Ex) In terms of units
Q(P-V) - F = EBIT
If EBIT = 0, then
Q = F/ (P-V)
Ex) In terms of dollars
BE = P * Q
= P * F/(P-V) = F/[(P-V)/P]
Here (P-V) is called “ contribution margin”
It is useful in dealing with Target EBIT.
Q(P-V) - F = EBIT
If EBIT not 0, then
Q = (F + EBIT)/ (P-V)
3. Cash Break-even point
Q = (F- Depreciation)/(P-V)
4. Leverage Analysis
Leverage: a multiplication of changes in sales resulting in even larger changes in profitability measure. This is due to fixed costs.
4-1) Business risk:
• Defined as the variability of EBIT due to fixed costs.

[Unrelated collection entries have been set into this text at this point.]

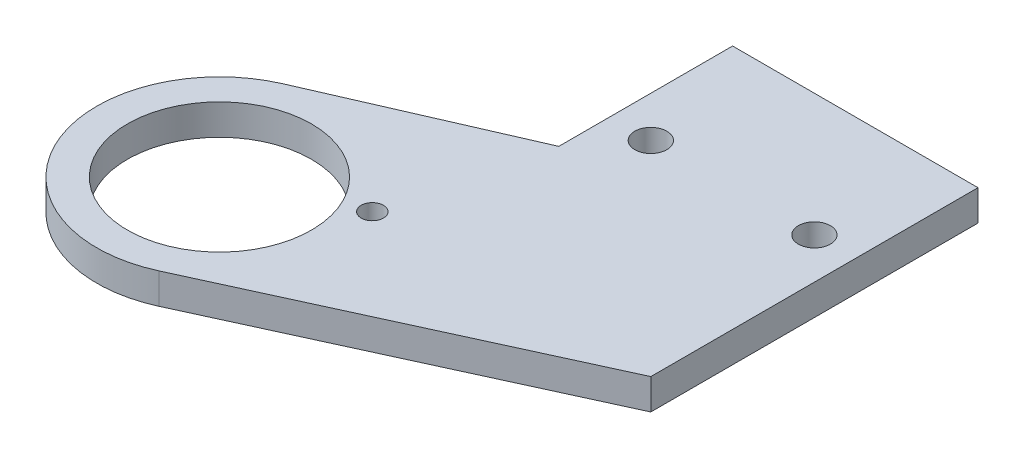
ISO-10303-21;
HEADER;
FILE_DESCRIPTION(('STEP AP214'),'2;1');
FILE_NAME('part.step','',(''),(''),'','','');
FILE_SCHEMA(('AUTOMOTIVE_DESIGN { 1 0 10303 214 1 1 1 1 }'));
ENDSEC;
DATA;
#1=APPLICATION_CONTEXT('core data for automotive mechanical design processes');
#2=APPLICATION_PROTOCOL_DEFINITION('international standard','automotive_design',2000,#1);
#3=PRODUCT_CONTEXT('',#1,'mechanical');
#4=PRODUCT('Part','Part','',(#3));
#5=PRODUCT_RELATED_PRODUCT_CATEGORY('part','',(#4));
#6=PRODUCT_DEFINITION_FORMATION('','',#4);
#7=PRODUCT_DEFINITION_CONTEXT('part definition',#1,'design');
#8=PRODUCT_DEFINITION('design','',#6,#7);
#9=PRODUCT_DEFINITION_SHAPE('','',#8);
#10=(LENGTH_UNIT() NAMED_UNIT(*) SI_UNIT(.MILLI.,.METRE.));
#11=(NAMED_UNIT(*) PLANE_ANGLE_UNIT() SI_UNIT($,.RADIAN.));
#12=(NAMED_UNIT(*) SI_UNIT($,.STERADIAN.) SOLID_ANGLE_UNIT());
#13=UNCERTAINTY_MEASURE_WITH_UNIT(LENGTH_MEASURE(1.E-05),#10,'distance_accuracy_value','');
#14=(GEOMETRIC_REPRESENTATION_CONTEXT(3) GLOBAL_UNCERTAINTY_ASSIGNED_CONTEXT((#13)) GLOBAL_UNIT_ASSIGNED_CONTEXT((#10,
#11,#12)) REPRESENTATION_CONTEXT('',''));
#15=CARTESIAN_POINT('',(0.,0.,0.));
#16=DIRECTION('',(0.,0.,1.));
#17=DIRECTION('',(1.,0.,0.));
#18=AXIS2_PLACEMENT_3D('',#15,#16,#17);
#19=CARTESIAN_POINT('',(-41.2750000000016,4.7625,57.450103217217));
#20=DIRECTION('',(0.,1.,0.));
#21=DIRECTION('',(0.,0.,1.));
#22=AXIS2_PLACEMENT_3D('',#19,#20,#21);
#23=PLANE('',#22);
#24=CARTESIAN_POINT('',(-12.7,4.7625,19.05));
#25=DIRECTION('',(0.,1.,0.));
#26=DIRECTION('',(0.,0.,1.));
#27=AXIS2_PLACEMENT_3D('',#24,#25,#26);
#28=CIRCLE('',#27,2.4892);
#29=CARTESIAN_POINT('',(-12.7,4.7625,21.5392));
#30=VERTEX_POINT('',#29);
#31=EDGE_CURVE('E207',#30,#30,#28,.T.);
#32=ORIENTED_EDGE('',*,*,#31,.F.);
#33=EDGE_LOOP('',(#32));
#34=FACE_BOUND('',#33,.T.);
#35=CARTESIAN_POINT('',(12.7,4.7625,19.05));
#36=DIRECTION('',(0.,1.,0.));
#37=DIRECTION('',(0.,0.,1.));
#38=AXIS2_PLACEMENT_3D('',#35,#36,#37);
#39=CIRCLE('',#38,2.4892);
#40=CARTESIAN_POINT('',(12.7,4.7625,21.5392));
#41=VERTEX_POINT('',#40);
#42=EDGE_CURVE('E211',#41,#41,#39,.T.);
#43=ORIENTED_EDGE('',*,*,#42,.F.);
#44=EDGE_LOOP('',(#43));
#45=FACE_BOUND('',#44,.T.);
#46=CARTESIAN_POINT('',(-24.7420119984577,4.7625,50.2469467049089));
#47=DIRECTION('',(0.,1.,0.));
#48=DIRECTION('',(0.,0.,1.));
#49=AXIS2_PLACEMENT_3D('',#46,#47,#48);
#50=CIRCLE('',#49,1.7272);
#51=CARTESIAN_POINT('',(-24.7420119984577,4.7625,51.9741467049089));
#52=VERTEX_POINT('',#51);
#53=EDGE_CURVE('E221',#52,#52,#50,.T.);
#54=ORIENTED_EDGE('',*,*,#53,.F.);
#55=EDGE_LOOP('',(#54));
#56=FACE_BOUND('',#55,.T.);
#57=CARTESIAN_POINT('',(-41.2750000000016,4.7625,57.450103217217));
#58=DIRECTION('',(0.,1.,0.));
#59=DIRECTION('',(0.,0.,1.));
#60=AXIS2_PLACEMENT_3D('',#57,#58,#59);
#61=CIRCLE('',#60,19.049999999999);
#62=CARTESIAN_POINT('',(-48.8839681468055,4.7625,39.9856792719251));
#63=VERTEX_POINT('',#62);
#64=CARTESIAN_POINT('',(-33.3414910142177,4.7625,74.769512421126));
#65=VERTEX_POINT('',#64);
#66=EDGE_CURVE('E149',#63,#65,#61,.T.);
#67=ORIENTED_EDGE('',*,*,#66,.T.);
#68=DIRECTION('',(0.909348972285523,0.,-0.41603418922399));
#69=VECTOR('',#68,1.);
#70=CARTESIAN_POINT('',(-33.3414910142177,4.7625,74.769512421126));
#71=LINE('',#70,#69);
#72=CARTESIAN_POINT('',(19.05,4.7625,50.8));
#73=VERTEX_POINT('',#72);
#74=EDGE_CURVE('E97',#65,#73,#71,.T.);
#75=ORIENTED_EDGE('',*,*,#74,.T.);
#76=DIRECTION('',(0.,0.,-1.));
#77=VECTOR('',#76,1.);
#78=CARTESIAN_POINT('',(19.05,4.7625,0.));
#79=LINE('',#78,#77);
#80=CARTESIAN_POINT('',(19.05,4.7625,0.));
#81=VERTEX_POINT('',#80);
#82=EDGE_CURVE('E110',#73,#81,#79,.T.);
#83=ORIENTED_EDGE('',*,*,#82,.T.);
#84=DIRECTION('',(-1.,0.,0.));
#85=VECTOR('',#84,1.);
#86=CARTESIAN_POINT('',(19.05,4.7625,0.));
#87=LINE('',#86,#85);
#88=CARTESIAN_POINT('',(-19.05,4.7625,0.));
#89=VERTEX_POINT('',#88);
#90=EDGE_CURVE('E104',#81,#89,#87,.T.);
#91=ORIENTED_EDGE('',*,*,#90,.T.);
#92=DIRECTION('',(0.,0.,1.));
#93=VECTOR('',#92,1.);
#94=CARTESIAN_POINT('',(-19.05,4.7625,0.));
#95=LINE('',#94,#93);
#96=CARTESIAN_POINT('',(-19.05,4.7625,26.9875));
#97=VERTEX_POINT('',#96);
#98=EDGE_CURVE('E108',#89,#97,#95,.T.);
#99=ORIENTED_EDGE('',*,*,#98,.T.);
#100=DIRECTION('',(-0.916767661170227,0.,0.399420900094715));
#101=VECTOR('',#100,1.);
#102=CARTESIAN_POINT('',(-19.05,4.7625,26.9875));
#103=LINE('',#102,#101);
#104=EDGE_CURVE('E60',#97,#63,#103,.T.);
#105=ORIENTED_EDGE('',*,*,#104,.T.);
#106=EDGE_LOOP('',(#67,#75,#83,#91,#99,#105));
#107=FACE_BOUND('',#106,.T.);
#108=CARTESIAN_POINT('',(-41.2750000000016,4.7625,57.450103217217));
#109=DIRECTION('',(0.,1.,0.));
#110=DIRECTION('',(0.,0.,1.));
#111=AXIS2_PLACEMENT_3D('',#108,#109,#110);
#112=CIRCLE('',#111,14.2875);
#113=CARTESIAN_POINT('',(-41.2750000000016,4.7625,43.162603217217));
#114=VERTEX_POINT('',#113);
#115=EDGE_CURVE('E137',#114,#114,#112,.T.);
#116=ORIENTED_EDGE('',*,*,#115,.F.);
#117=EDGE_LOOP('',(#116));
#118=FACE_BOUND('',#117,.T.);
#119=ADVANCED_FACE('F42',(#34,#45,#56,#107,#118),#23,.T.);
#120=CARTESIAN_POINT('',(-41.2750000000016,0.,57.450103217217));
#121=DIRECTION('',(0.,1.,0.));
#122=DIRECTION('',(0.,0.,1.));
#123=AXIS2_PLACEMENT_3D('',#120,#121,#122);
#124=PLANE('',#123);
#125=CARTESIAN_POINT('',(-12.7,0.,19.05));
#126=DIRECTION('',(0.,1.,0.));
#127=DIRECTION('',(0.,0.,1.));
#128=AXIS2_PLACEMENT_3D('',#125,#126,#127);
#129=CIRCLE('',#128,2.48919999999999);
#130=CARTESIAN_POINT('',(-12.7,0.,21.5392));
#131=VERTEX_POINT('',#130);
#132=EDGE_CURVE('E205',#131,#131,#129,.T.);
#133=ORIENTED_EDGE('',*,*,#132,.T.);
#134=EDGE_LOOP('',(#133));
#135=FACE_BOUND('',#134,.T.);
#136=CARTESIAN_POINT('',(12.7,0.,19.05));
#137=DIRECTION('',(0.,1.,0.));
#138=DIRECTION('',(0.,0.,1.));
#139=AXIS2_PLACEMENT_3D('',#136,#137,#138);
#140=CIRCLE('',#139,2.48919999999999);
#141=CARTESIAN_POINT('',(12.7,0.,21.5392));
#142=VERTEX_POINT('',#141);
#143=EDGE_CURVE('E217',#142,#142,#140,.T.);
#144=ORIENTED_EDGE('',*,*,#143,.T.);
#145=EDGE_LOOP('',(#144));
#146=FACE_BOUND('',#145,.T.);
#147=CARTESIAN_POINT('',(-24.7420119984577,0.,50.2469467049089));
#148=DIRECTION('',(0.,1.,0.));
#149=DIRECTION('',(0.,0.,1.));
#150=AXIS2_PLACEMENT_3D('',#147,#148,#149);
#151=CIRCLE('',#150,1.7272);
#152=CARTESIAN_POINT('',(-24.7420119984577,0.,51.9741467049089));
#153=VERTEX_POINT('',#152);
#154=EDGE_CURVE('E225',#153,#153,#151,.T.);
#155=ORIENTED_EDGE('',*,*,#154,.T.);
#156=EDGE_LOOP('',(#155));
#157=FACE_BOUND('',#156,.T.);
#158=CARTESIAN_POINT('',(-41.2750000000016,0.,57.450103217217));
#159=DIRECTION('',(0.,1.,0.));
#160=DIRECTION('',(0.,0.,1.));
#161=AXIS2_PLACEMENT_3D('',#158,#159,#160);
#162=CIRCLE('',#161,19.049999999999);
#163=CARTESIAN_POINT('',(-48.8839681468055,0.,39.9856792719251));
#164=VERTEX_POINT('',#163);
#165=CARTESIAN_POINT('',(-33.3414910142177,0.,74.769512421126));
#166=VERTEX_POINT('',#165);
#167=EDGE_CURVE('E132',#164,#166,#162,.T.);
#168=ORIENTED_EDGE('',*,*,#167,.F.);
#169=DIRECTION('',(-0.916767661170227,0.,0.399420900094715));
#170=VECTOR('',#169,1.);
#171=CARTESIAN_POINT('',(-19.05,0.,26.9875));
#172=LINE('',#171,#170);
#173=CARTESIAN_POINT('',(-19.05,0.,26.9875));
#174=VERTEX_POINT('',#173);
#175=EDGE_CURVE('E89',#174,#164,#172,.T.);
#176=ORIENTED_EDGE('',*,*,#175,.F.);
#177=DIRECTION('',(0.,0.,1.));
#178=VECTOR('',#177,1.);
#179=CARTESIAN_POINT('',(-19.05,0.,0.));
#180=LINE('',#179,#178);
#181=CARTESIAN_POINT('',(-19.05,0.,0.));
#182=VERTEX_POINT('',#181);
#183=EDGE_CURVE('E83',#182,#174,#180,.T.);
#184=ORIENTED_EDGE('',*,*,#183,.F.);
#185=DIRECTION('',(-1.,0.,0.));
#186=VECTOR('',#185,1.);
#187=CARTESIAN_POINT('',(19.05,0.,0.));
#188=LINE('',#187,#186);
#189=CARTESIAN_POINT('',(19.05,0.,0.));
#190=VERTEX_POINT('',#189);
#191=EDGE_CURVE('E119',#190,#182,#188,.T.);
#192=ORIENTED_EDGE('',*,*,#191,.F.);
#193=DIRECTION('',(0.,0.,-1.));
#194=VECTOR('',#193,1.);
#195=CARTESIAN_POINT('',(19.05,0.,0.));
#196=LINE('',#195,#194);
#197=CARTESIAN_POINT('',(19.05,0.,50.8));
#198=VERTEX_POINT('',#197);
#199=EDGE_CURVE('E140',#198,#190,#196,.T.);
#200=ORIENTED_EDGE('',*,*,#199,.F.);
#201=DIRECTION('',(0.909348972285523,0.,-0.41603418922399));
#202=VECTOR('',#201,1.);
#203=CARTESIAN_POINT('',(-33.3414910142177,0.,74.769512421126));
#204=LINE('',#203,#202);
#205=EDGE_CURVE('E136',#166,#198,#204,.T.);
#206=ORIENTED_EDGE('',*,*,#205,.F.);
#207=EDGE_LOOP('',(#168,#176,#184,#192,#200,#206));
#208=FACE_BOUND('',#207,.T.);
#209=CARTESIAN_POINT('',(-41.2750000000016,0.,57.450103217217));
#210=DIRECTION('',(0.,1.,0.));
#211=DIRECTION('',(0.,0.,1.));
#212=AXIS2_PLACEMENT_3D('',#209,#210,#211);
#213=CIRCLE('',#212,14.2875);
#214=CARTESIAN_POINT('',(-41.2750000000016,0.,43.162603217217));
#215=VERTEX_POINT('',#214);
#216=EDGE_CURVE('E229',#215,#215,#213,.T.);
#217=ORIENTED_EDGE('',*,*,#216,.T.);
#218=EDGE_LOOP('',(#217));
#219=FACE_BOUND('',#218,.T.);
#220=ADVANCED_FACE('F162',(#135,#146,#157,#208,#219),#124,.F.);
#221=CARTESIAN_POINT('',(-41.2750000000016,4.7625,57.450103217217));
#222=DIRECTION('',(0.,-1.,0.));
#223=DIRECTION('',(0.,0.,-1.));
#224=AXIS2_PLACEMENT_3D('',#221,#222,#223);
#225=CYLINDRICAL_SURFACE('',#224,19.049999999999);
#226=ORIENTED_EDGE('',*,*,#167,.T.);
#227=DIRECTION('',(0.,-1.,0.));
#228=VECTOR('',#227,1.);
#229=CARTESIAN_POINT('',(-33.3414910142177,4.7625,74.769512421126));
#230=LINE('',#229,#228);
#231=EDGE_CURVE('E11',#65,#166,#230,.T.);
#232=ORIENTED_EDGE('',*,*,#231,.F.);
#233=ORIENTED_EDGE('',*,*,#66,.F.);
#234=DIRECTION('',(0.,-1.,0.));
#235=VECTOR('',#234,1.);
#236=CARTESIAN_POINT('',(-48.8839681468055,4.7625,39.9856792719251));
#237=LINE('',#236,#235);
#238=EDGE_CURVE('E128',#63,#164,#237,.T.);
#239=ORIENTED_EDGE('',*,*,#238,.T.);
#240=EDGE_LOOP('',(#226,#232,#233,#239));
#241=FACE_BOUND('',#240,.T.);
#242=ADVANCED_FACE('F44',(#241),#225,.T.);
#243=CARTESIAN_POINT('',(-33.3414910142177,4.7625,74.769512421126));
#244=DIRECTION('',(-0.41603418922399,0.,-0.909348972285523));
#245=DIRECTION('',(-0.909348972285523,0.,0.41603418922399));
#246=AXIS2_PLACEMENT_3D('',#243,#244,#245);
#247=PLANE('',#246);
#248=ORIENTED_EDGE('',*,*,#205,.T.);
#249=DIRECTION('',(0.,-1.,0.));
#250=VECTOR('',#249,1.);
#251=CARTESIAN_POINT('',(19.05,4.7625,50.8));
#252=LINE('',#251,#250);
#253=EDGE_CURVE('E52',#73,#198,#252,.T.);
#254=ORIENTED_EDGE('',*,*,#253,.F.);
#255=ORIENTED_EDGE('',*,*,#74,.F.);
#256=ORIENTED_EDGE('',*,*,#231,.T.);
#257=EDGE_LOOP('',(#248,#254,#255,#256));
#258=FACE_BOUND('',#257,.T.);
#259=ADVANCED_FACE('F296',(#258),#247,.F.);
#260=CARTESIAN_POINT('',(19.05,4.7625,0.));
#261=DIRECTION('',(-1.,0.,0.));
#262=DIRECTION('',(0.,0.,1.));
#263=AXIS2_PLACEMENT_3D('',#260,#261,#262);
#264=PLANE('',#263);
#265=ORIENTED_EDGE('',*,*,#199,.T.);
#266=DIRECTION('',(0.,-1.,0.));
#267=VECTOR('',#266,1.);
#268=CARTESIAN_POINT('',(19.05,4.7625,0.));
#269=LINE('',#268,#267);
#270=EDGE_CURVE('E121',#81,#190,#269,.T.);
#271=ORIENTED_EDGE('',*,*,#270,.F.);
#272=ORIENTED_EDGE('',*,*,#82,.F.);
#273=ORIENTED_EDGE('',*,*,#253,.T.);
#274=EDGE_LOOP('',(#265,#271,#272,#273));
#275=FACE_BOUND('',#274,.T.);
#276=ADVANCED_FACE('F159',(#275),#264,.F.);
#277=CARTESIAN_POINT('',(19.05,4.7625,0.));
#278=DIRECTION('',(0.,0.,1.));
#279=DIRECTION('',(1.,0.,0.));
#280=AXIS2_PLACEMENT_3D('',#277,#278,#279);
#281=PLANE('',#280);
#282=ORIENTED_EDGE('',*,*,#191,.T.);
#283=DIRECTION('',(0.,-1.,0.));
#284=VECTOR('',#283,1.);
#285=CARTESIAN_POINT('',(-19.05,4.7625,0.));
#286=LINE('',#285,#284);
#287=EDGE_CURVE('E116',#89,#182,#286,.T.);
#288=ORIENTED_EDGE('',*,*,#287,.F.);
#289=ORIENTED_EDGE('',*,*,#90,.F.);
#290=ORIENTED_EDGE('',*,*,#270,.T.);
#291=EDGE_LOOP('',(#282,#288,#289,#290));
#292=FACE_BOUND('',#291,.T.);
#293=ADVANCED_FACE('F117',(#292),#281,.F.);
#294=CARTESIAN_POINT('',(-19.05,4.7625,0.));
#295=DIRECTION('',(1.,0.,0.));
#296=DIRECTION('',(0.,0.,-1.));
#297=AXIS2_PLACEMENT_3D('',#294,#295,#296);
#298=PLANE('',#297);
#299=ORIENTED_EDGE('',*,*,#183,.T.);
#300=DIRECTION('',(0.,-1.,0.));
#301=VECTOR('',#300,1.);
#302=CARTESIAN_POINT('',(-19.05,4.7625,26.9875));
#303=LINE('',#302,#301);
#304=EDGE_CURVE('E122',#97,#174,#303,.T.);
#305=ORIENTED_EDGE('',*,*,#304,.F.);
#306=ORIENTED_EDGE('',*,*,#98,.F.);
#307=ORIENTED_EDGE('',*,*,#287,.T.);
#308=EDGE_LOOP('',(#299,#305,#306,#307));
#309=FACE_BOUND('',#308,.T.);
#310=ADVANCED_FACE('F124',(#309),#298,.F.);
#311=CARTESIAN_POINT('',(-19.05,4.7625,26.9875));
#312=DIRECTION('',(0.399420900094715,0.,0.916767661170227));
#313=DIRECTION('',(0.916767661170227,0.,-0.399420900094715));
#314=AXIS2_PLACEMENT_3D('',#311,#312,#313);
#315=PLANE('',#314);
#316=ORIENTED_EDGE('',*,*,#175,.T.);
#317=ORIENTED_EDGE('',*,*,#238,.F.);
#318=ORIENTED_EDGE('',*,*,#104,.F.);
#319=ORIENTED_EDGE('',*,*,#304,.T.);
#320=EDGE_LOOP('',(#316,#317,#318,#319));
#321=FACE_BOUND('',#320,.T.);
#322=ADVANCED_FACE('F167',(#321),#315,.F.);
#323=CARTESIAN_POINT('',(-41.2750000000016,4.7625,57.450103217217));
#324=DIRECTION('',(0.,-1.,0.));
#325=DIRECTION('',(0.,0.,-1.));
#326=AXIS2_PLACEMENT_3D('',#323,#324,#325);
#327=CYLINDRICAL_SURFACE('',#326,14.2875);
#328=CARTESIAN_POINT('',(-41.2750000000016,4.7625,43.162603217217));
#329=CARTESIAN_POINT('',(-41.2750000000016,4.712890625,43.162603217217));
#330=CARTESIAN_POINT('',(-41.2750000000016,4.66328125,43.162603217217));
#331=CARTESIAN_POINT('',(-41.2750000000016,4.5640625,43.162603217217));
#332=CARTESIAN_POINT('',(-41.2750000000016,4.514453125,43.162603217217));
#333=CARTESIAN_POINT('',(-41.2750000000016,4.415234375,43.162603217217));
#334=CARTESIAN_POINT('',(-41.2750000000016,4.365625,43.162603217217));
#335=CARTESIAN_POINT('',(-41.2750000000016,4.26640625,43.162603217217));
#336=CARTESIAN_POINT('',(-41.2750000000016,4.216796875,43.162603217217));
#337=CARTESIAN_POINT('',(-41.2750000000016,4.117578125,43.162603217217));
#338=CARTESIAN_POINT('',(-41.2750000000016,4.06796875,43.162603217217));
#339=CARTESIAN_POINT('',(-41.2750000000016,3.96875,43.162603217217));
#340=CARTESIAN_POINT('',(-41.2750000000016,3.919140625,43.162603217217));
#341=CARTESIAN_POINT('',(-41.2750000000016,3.819921875,43.162603217217));
#342=CARTESIAN_POINT('',(-41.2750000000016,3.7703125,43.162603217217));
#343=CARTESIAN_POINT('',(-41.2750000000016,3.67109375,43.162603217217));
#344=CARTESIAN_POINT('',(-41.2750000000016,3.621484375,43.162603217217));
#345=CARTESIAN_POINT('',(-41.2750000000016,3.522265625,43.162603217217));
#346=CARTESIAN_POINT('',(-41.2750000000016,3.47265625,43.162603217217));
#347=CARTESIAN_POINT('',(-41.2750000000016,3.3734375,43.162603217217));
#348=CARTESIAN_POINT('',(-41.2750000000016,3.323828125,43.162603217217));
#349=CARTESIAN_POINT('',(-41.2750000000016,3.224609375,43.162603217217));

• The more variable a firm’s revenues, the more variable its EBIT
4-2) Financial risk:
• Defined as the variability of NI due to financial obligation
• Defined as the incapability of meeting its fixed financial obligation
• The more debts, the higher probability that the firm won’t be able to pay interest and dividends.
• Now, our new question is how to measure these risks.
• 4-3) Degree of Operating Leverage:
• If a firm’s costs are variable, changes in sales will lead to the same percentage change in EBIT. However, if the firm has fixed costs, EBIT will change by more than sales.
• This is directly related to the business risk.
• Degree of Operating Leverage (DOL):
= % change in EBIT / % change in Sales
= (Sales - Variable Costs) / EBIT
4-4) Degree Of Financial Leverage
• Here concerns are fixed financial costs composed of interest expenses and preferred dividends.
• This is measured by degree of financial leverage
= % change in EPS / % change in EBIT
• = EBIT/(EBT - PD/(1-t))
• Here PD means preferred dividends
• and t means tax rate
4-5) Degree of Combined Leverage
• = % change in EPS / % change in Sales
• = DOL*DFL
• It is about combined effect.
• Ex) comparing 2001 to 2002
• DCL declines. Due to the constant fixed costs, relative to increasing sales.
• As sales increase above the break-even point, leverage will decline regardless of the measure which is used.